В каком‑то смысле путем к неопатристическому синтезу была вся жизнь и идейная эволюция Флоровского. Элементы этой концепции просматриваются уже в его юношеских идеях: "Лишь в недрах Церкви зародится и разовьется христианская философская мысль", - декларировал 20–летний Флоровский. Неожиданно сказались и особенности биографии крупнейшего православного богослова XX в., который не имел специализированного богословского образования. В юношеские годы Флоровский мечтал учиться в духовной академии, однако так и не решился туда поступить. Безусловно, этот факт оставался для него предметом переживаний, поскольку даже в 80–летнем возрасте он считал необходимым оправдываться: "Я не получил надлежащего богословского образования (пусть и не по моей вине)". Фактически же, из личной непричастности к "школьному богословию" Флоровский сумел извлечь позитивное зерно, построив свою богословскую концепцию во многом как раз на подчеркнутом дистанцировании от институциональной, "школьной" традиции. Возможно, в этом одна из причин, почему он придавал такое значение творчеству И. В. Киреевского, А. С.Хомякова, В. С.Соловьева, С. Н.Булгакова - представителей светской богословской мысли, к которой фактически принадлежал и сам.

Разумеется, критика "школьного богословия" не ограничивалась предпосылками личного опыта, она имела и концептуальное обоснование. Флоровский указывал, что вследствие ряда культурно–исторических факторов уже с XVII в. развитие православного богословия отклонилось от аутентичного святоотеческого образца и оказалось под влиянием западных конфессий, распространявшимся даже на документы вероучительного статуса, которые по этой причине нельзя считать адекватным голосом православной церкви. Однако Флоровский полагал, что, несмотря на деформацию богословского мышления, сама вера осталась без изменений, будучи воплощенной не в трактатах, а в специфическом "этосе Православной Церкви" - некоей совокупности непрерывного духовного опыта: "Здесь более чем ненарушенная историческая непрерывность, которая, конечно, совершенно очевидна;

здесь прежде всего полная духовная и онтологическая тождественность, одна и та же вера, один и тот же дух, один и тот же этос". Исходя из такого убеждения, Флоровский утверждал, что путь к подлинной православной культуре и философии проходит не через "школьное" богословие, а через новую интерпретацию классического церковного предания - "этоса" церкви.

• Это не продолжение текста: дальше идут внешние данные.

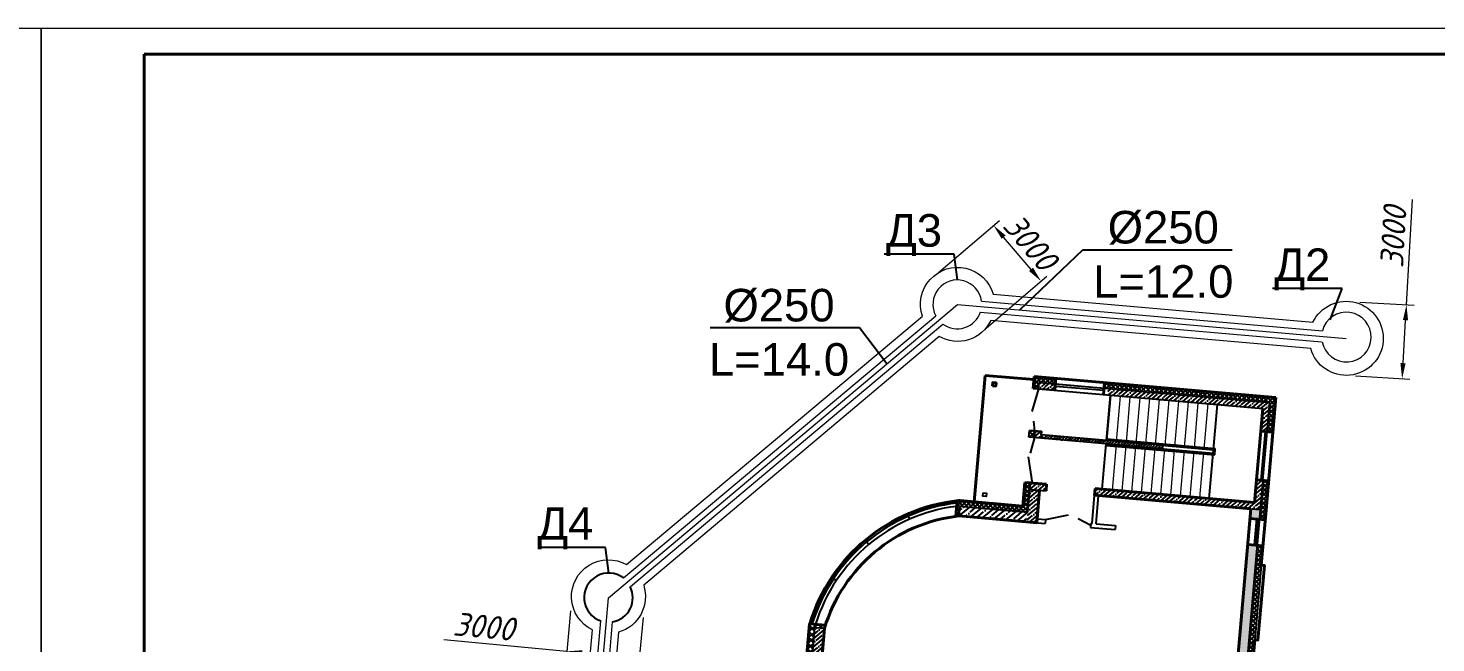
# Model space of a CAD drawing. Header units: millimetres. Extents: x 1064 to 180712, y 574 to 40185.
# Drawn here: x 84897 to 103079, y 32254 to 40185 of the extents above; entities that cross this region are included whole.
import ezdxf
from ezdxf import colors
from ezdxf.entities.mleader import LeaderData, LeaderLine
from ezdxf.math import Vec2, Vec3

# ---------------------------------------------------------------- set-up
doc = ezdxf.new("R2010")
doc.units = ezdxf.units.MM
doc.linetypes.add('2-Columns and grid$0$084_(М5) Неукрепленный откос', pattern=[0])
for name, color, linetype, lineweight in [('00-рамка', 7, 'Continuous', 40), ('01 - здание', 1, 'Continuous', 40), ('01-Контур', 1, 'Continuous', 25), ('19-дренаж', 6, 'Continuous', 40), ('Размеры КР', 23, 'Continuous', 13)]:
    doc.layers.add(name, color=color, linetype=linetype, lineweight=lineweight)
doc.styles.add('2_0-Ариел', font='arial.ttf', dxfattribs={"height": 2})
doc.styles.add('ГОСТ', font='GOST Common Italic.ttf', dxfattribs={"height": 300})
doc.dimstyles.new('М 50', dxfattribs={"dimscale": 0, "dimtxt": 300, "dimasz": 200, "dimexe": 100, "dimexo": 150, "dimgap": 70, "dimtad": 1, "dimdec": 0, "dimlfac": 0.5, "dimdsep": 46, "dimtxsty": 'ГОСТ', "dimcen": 100, "dimdle": 150, "dimclrd": 256, "dimclre": 256, "dimclrt": 256, "dimazin": 3, "dimtfac": 1, "dimtdec": 0, "dimtmove": 1, "dimatfit": 3, "dimfxl": 100, "dimtolj": 1, "dimlwd": -1, "dimlwe": -1, "dimarcsym": 0})
pattern_1 = [(45, (1452.38544, -901.835), (-0.067351921, 0.067351921), []), (135, (1452.38544, -901.835), (-0.067351921, -0.067351921), [])]
pattern_2 = [(45, (1411.03127, -1534.55234), (-0.134703842, 0.134703842), []), (45, (1411.16598, -1534.55234), (-0.134703842, 0.134703842), [0.238125, -0.047625, 0, -0.047625])]
pattern_3 = [(45, (1452.38544, -901.835), (-0.089802561, 0.089802561), []), (135, (1452.38544, -901.835), (-0.089802561, -0.089802561), [])]

# ---------------------------------------------------------------- blocks, each defined once
blk = doc.blocks.new('Прокуратура_v1')
at = {"layer": '01 - здание', "lineweight": -2, "ltscale": 100}
h = blk.add_hatch(dxfattribs=at)
h.set_pattern_fill('ANSI37', color=256, scale=0.03)
h.set_pattern_definition(pattern_1)
edge = h.paths.add_edge_path()
edge.add_line((-7.31, -0.19), (-6.81, -0.19))
edge.add_line((-6.81, -0.19), (-6.81, -0.02))
edge.add_line((-6.81, -0.02), (-7.449, -0.02))
edge.add_arc((-7.486, -0.015), 0.0375, 279.5173, 352.8701, ccw=False)
edge.add_line((-7.48, -0.052), (-7.48, -0.39))
edge.add_line((-7.48, -0.39), (-7.31, -0.39))
edge.add_line((-7.31, -0.39), (-7.31, -0.19))
h.paths.add_polyline_path([(-7.31, -1.69), (-7.48, -1.69), (-7.48, -1.89), (-7.31, -1.89)])
edge = h.paths.add_edge_path()
edge.add_arc((-0.022, -0.021), 0.0375, 178.8259, 272.3048, ccw=False)
edge.add_line((-0.059, -0.02), (-5.31, -0.02))
edge.add_line((-5.31, -0.02), (-5.31, -0.19))
edge.add_line((-5.31, -0.19), (-0.19, -0.19))
edge.add_line((-0.19, -0.19), (-0.19, -0.39))
edge.add_line((-0.19, -0.39), (-0.02, -0.39))
edge.add_line((-0.02, -0.39), (-0.02, -0.058))
h.paths.add_polyline_path([(-0.02, -0.39), (-0.19, -0.39), (-0.19, -1.09), (-0.02, -1.09)])
h.paths.add_polyline_path([(-0.02, -2.59), (-0.19, -2.59), (-0.19, -3.49), (-0.02, -3.49)])
h.paths.add_polyline_path([(-0.02, -3.49), (-0.19, -3.49), (-0.19, -3.79), (-0.02, -3.79)])
h = blk.add_hatch(dxfattribs=at)
h.set_pattern_fill('ANSI35', color=256, scale=0.03)
h.set_pattern_definition(pattern_2)
h.paths.add_polyline_path([(-7.11, -0.19), (-7.31, -0.19), (-7.31, -0.39), (-7.11, -0.39)])
h.paths.add_polyline_path([(-5.237, -0.39), (-0.71, -0.39), (-0.71, -0.19), (-5.132, -0.19)])
h.paths.add_polyline_path([(-0.71, -0.39), (-0.39, -0.39), (-0.19, -0.39), (-0.19, -0.19), (-0.71, -0.19)])
h.paths.add_polyline_path([(-0.19, -0.39), (-0.39, -0.39), (-0.39, -1.09), (-0.19, -1.09)])
h.paths.add_polyline_path([(-0.39, -2.59), (-0.39, -3.29), (-0.71, -3.29), (-0.71, -3.49), (-0.49, -3.49), (-0.19, -3.49), (-0.19, -2.59)])
h.paths.add_polyline_path([(-0.71, -3.49), (-0.71, -3.29), (-5.31, -3.29), (-5.31, -3.49)])
h.paths.add_polyline_path([(-7.11, -1.89), (-7.11, -1.69), (-7.31, -1.69), (-7.31, -1.89)])
h = blk.add_hatch(dxfattribs=at)
h.set_pattern_fill('ANSI35', color=256, scale=0.03)
h.set_pattern_definition([(45, (1452.38544, -901.835), (-0.134703842, 0.134703842), []), (45, (1452.52014, -901.835), (-0.134703842, 0.134703842), [0.238125, -0.047625, 0, -0.047625])])
h.paths.add_polyline_path([(-7.11, -0.19), (-7.11, -0.39), (-6.81, -0.39), (-6.81, -0.19)])
h = blk.add_hatch(dxfattribs=at)
h.set_pattern_fill('ANSI36', color=256, scale=0.02)
h.set_pattern_definition([(45, (908.73407, -1437.101285), (0.0336759605, 0.1234785217), [0.15875, -0.03175, 0, -0.03175])])
h.paths.add_polyline_path([(-6.99, -1.81), (-7.09, -1.82), (-7.09, -1.9), (-6.99, -1.89)])
h.paths.add_polyline_path([(-3.333, -1.79), (-6.99, -1.79), (-6.99, -1.89), (-3.299, -1.89)])
h = blk.add_hatch(dxfattribs=at)
h.set_pattern_fill('ANSI37', color=256, scale=0.03)
h.set_pattern_definition(pattern_1)
h.paths.add_polyline_path([(-7.31, -3.49), (-7.48, -3.49), (-7.48, -4.02), (-8.98, -4.02), (-9.41, -4.02), (-9.41, -4.19), (-7.31, -4.19)])
h.paths.add_polyline_path([(-7.31, -3.29), (-7.48, -3.29), (-7.48, -3.49), (-7.31, -3.49)])
h = blk.add_hatch(dxfattribs=at)
h.set_pattern_fill('ANSI35', color=256, scale=0.03)
h.set_pattern_definition(pattern_2)
h.paths.add_polyline_path([(-7.11, -3.29), (-7.31, -3.29), (-7.31, -3.49), (-7.11, -3.49)])
h.paths.add_polyline_path([(-7.11, -3.49), (-6.81, -3.49), (-6.81, -3.29), (-7.11, -3.29)])
h = blk.add_hatch(dxfattribs=at)
h.set_pattern_fill('ANSI35', color=256, scale=0.03)
h.set_pattern_definition(pattern_2)
h.paths.add_polyline_path([(-7.11, -3.49), (-7.31, -3.49), (-7.31, -4.49), (-7.11, -4.49)])
h.paths.add_polyline_path([(-7.01, -3.49), (-7.11, -3.49), (-7.11, -4.49), (-7.01, -4.49)])
h = blk.add_hatch(dxfattribs=at)
h.set_pattern_fill('ANSI35', color=256, scale=0.03)
h.set_pattern_definition(pattern_2)
h.paths.add_polyline_path([(-0.19, -3.49), (-0.49, -3.49), (-0.49, -3.79), (-0.19, -3.79)])
h.paths.add_polyline_path([(-0.19, -4.59), (-0.49, -4.59), (-0.49, -9.49), (-0.19, -9.49)])
h.paths.add_polyline_path([(-0.19, -9.49), (-0.49, -9.49), (-0.49, -9.84), (-0.19, -9.84)])
h.paths.add_polyline_path([(-0.19, -12.34), (-0.49, -12.34), (-0.49, -12.64), (-0.19, -12.64)])
h.paths.add_polyline_path([(-0.19, -15.14), (-0.49, -15.14), (-0.49, -15.49), (-0.19, -15.49)])
h.paths.add_polyline_path([(-0.19, -15.49), (-0.49, -15.49), (-0.49, -15.84), (-0.19, -15.84)])
h.paths.add_polyline_path([(-0.19, -18.34), (-0.49, -18.34), (-0.49, -18.64), (-0.19, -18.64)])
h.paths.add_polyline_path([(-0.19, -21.14), (-0.49, -21.14), (-0.49, -21.49), (-0.19, -21.49)])
h.paths.add_polyline_path([(-0.19, -21.49), (-0.49, -21.49), (-0.49, -21.84), (-0.19, -21.84)])
h.paths.add_polyline_path([(-0.19, -24.34), (-0.49, -24.34), (-0.49, -24.64), (-0.19, -24.64)])
h.paths.add_polyline_path([(-0.19, -27.14), (-0.49, -27.14), (-0.49, -27.49), (-0.19, -27.49)])
h.paths.add_polyline_path([(-0.19, -27.49), (-0.49, -27.49), (-0.49, -27.84), (-0.19, -27.84)])
h.paths.add_polyline_path([(-0.19, -30.34), (-0.49, -30.34), (-0.49, -30.64), (-0.19, -30.64)])
h.paths.add_polyline_path([(-0.19, -33.14), (-0.49, -33.14), (-0.49, -33.49), (-0.19, -33.49)])
h.paths.add_polyline_path([(-0.19, -33.49), (-0.49, -33.49), (-0.49, -33.84), (-0.19, -33.84)])
h.paths.add_polyline_path([(-0.19, -36.34), (-0.49, -36.34), (-0.49, -36.64), (-0.19, -36.64)])
h.paths.add_polyline_path([(-0.19, -39.14), (-0.49, -39.14), (-0.49, -39.49), (-0.19, -39.49)])
h.paths.add_polyline_path([(-0.19, -39.49), (-0.49, -39.49), (-0.49, -39.69), (-0.19, -39.69)])
h = blk.add_hatch(dxfattribs=at)
h.set_pattern_fill('ANSI37', color=256, scale=0.03)
h.set_pattern_definition(pattern_1)
h.paths.add_polyline_path([(-9.41, -4.19), (-9.41, -4.02), (-9.457, -4.02, 0.002499), (-9.51, -4.031), (-9.51, -4.511, -0.005218), (-9.41, -4.49)])
h = blk.add_hatch(dxfattribs=at)
h.set_pattern_fill('ANSI35', color=256, scale=0.04)
h.set_pattern_definition([(45, (1452.38544, -901.835), (-0.179605122, 0.179605122), []), (45, (1452.56504, -901.835), (-0.179605122, 0.179605122), [0.3175, -0.0635, 0, -0.0635])])
h.paths.add_polyline_path([(-7.31, -4.191), (-9.41, -4.19), (-9.41, -4.49), (-7.31, -4.49)])
h = blk.add_hatch(dxfattribs=at)
h.set_pattern_fill('ANSI37', color=256, scale=0.03)
h.set_pattern_definition(pattern_1)
h.paths.add_polyline_path([(-0.02, -5.19), (-0.02, -4.59), (-0.19, -4.59), (-0.19, -9.49), (-0.02, -9.49), (-0.02, -9.129, -0.411161), (-0.057, -9.091, -0.411161), (-0.02, -9.054), (-0.02, -7.49)])
h.paths.add_polyline_path([(-0.02, -9.49), (-0.19, -9.49), (-0.19, -9.84), (-0.09, -9.84), (-0.09, -9.69), (-0.02, -9.69)])
h = blk.add_hatch(dxfattribs=at)
h.set_pattern_fill('ANSI37', color=256, scale=0.04)
h.set_pattern_definition(pattern_3)
h.paths.add_polyline_path([(-13.53, -9.49), (-13.7, -9.49), (-13.7, -9.49), (-13.7, -10.09), (-13.53, -10.09)])
h.paths.add_polyline_path([(-13.53, -8.19), (-13.7, -8.19), (-13.7, -9.49), (-13.53, -9.49)])
h = blk.add_hatch(dxfattribs=at)
h.set_pattern_fill('ANSI37', color=256, scale=0.04)
h.set_pattern_definition(pattern_3)
h.paths.add_polyline_path([(-13.23, -8.19), (-13.53, -8.19), (-13.53, -8.29), (-13.23, -8.29)])
h = blk.add_hatch(dxfattribs=at)
h.set_pattern_fill('ANSI35', color=256, scale=0.03)
h.set_pattern_definition(pattern_2)
h.paths.add_polyline_path([(-13.23, -17.89), (-13.53, -17.89), (-13.53, -19.09), (-13.23, -19.09)])
h.paths.add_polyline_path([(-13.53, -16.09), (-13.23, -16.09), (-13.23, -15.49), (-13.53, -15.49)])
h.paths.add_polyline_path([(-13.23, -15.49), (-13.23, -14.09), (-13.53, -14.09), (-13.53, -15.49)])
h.paths.add_polyline_path([(-13.23, -11.89), (-13.53, -11.89), (-13.53, -13.09), (-13.23, -13.09)])
h.paths.add_polyline_path([(-13.53, -10.09), (-13.23, -10.09), (-13.23, -9.49), (-13.53, -9.49)])
edge = h.paths.add_edge_path()
edge.add_line((-13.53, -9.49), (-13.23, -9.49))
edge.add_line((-13.23, -9.49), (-13.23, -9.29))
edge.add_arc((-27.855, -8.79), 14.634, 358.042, 361.958)
edge.add_line((-13.23, -8.29), (-13.53, -8.29))
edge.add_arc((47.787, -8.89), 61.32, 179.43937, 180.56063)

Очевидно, на ход мыслей Флоровского в данном случае существенно повлияла работа Н. Н. Глубоковского "Православие по его существу" (1913). Как уже было отмечено, Флоровский состоял в личной переписке с Глубоковским, относился к нему как к наставнику, а на указанную статью написал восторженную рецензию, которая осталась неопубликованной при его жизни. В своей статье, пытаясь определить "эссенциальную природу" православия, Глубоковский отвергал принятые в западном богословии рационалистические методы определения природы религиозной конфессии как "по преимуществу доктрины" и указывал на духовную самодостаточность православия: "Исконное христианство в православии почерпается, доставляется и гарантируется путем преемственного восприятия, когда новое приобретает авторитет христианской изначальности, а она в самой своей старине обнаруживает непрестанную обновляющую жи- вительность".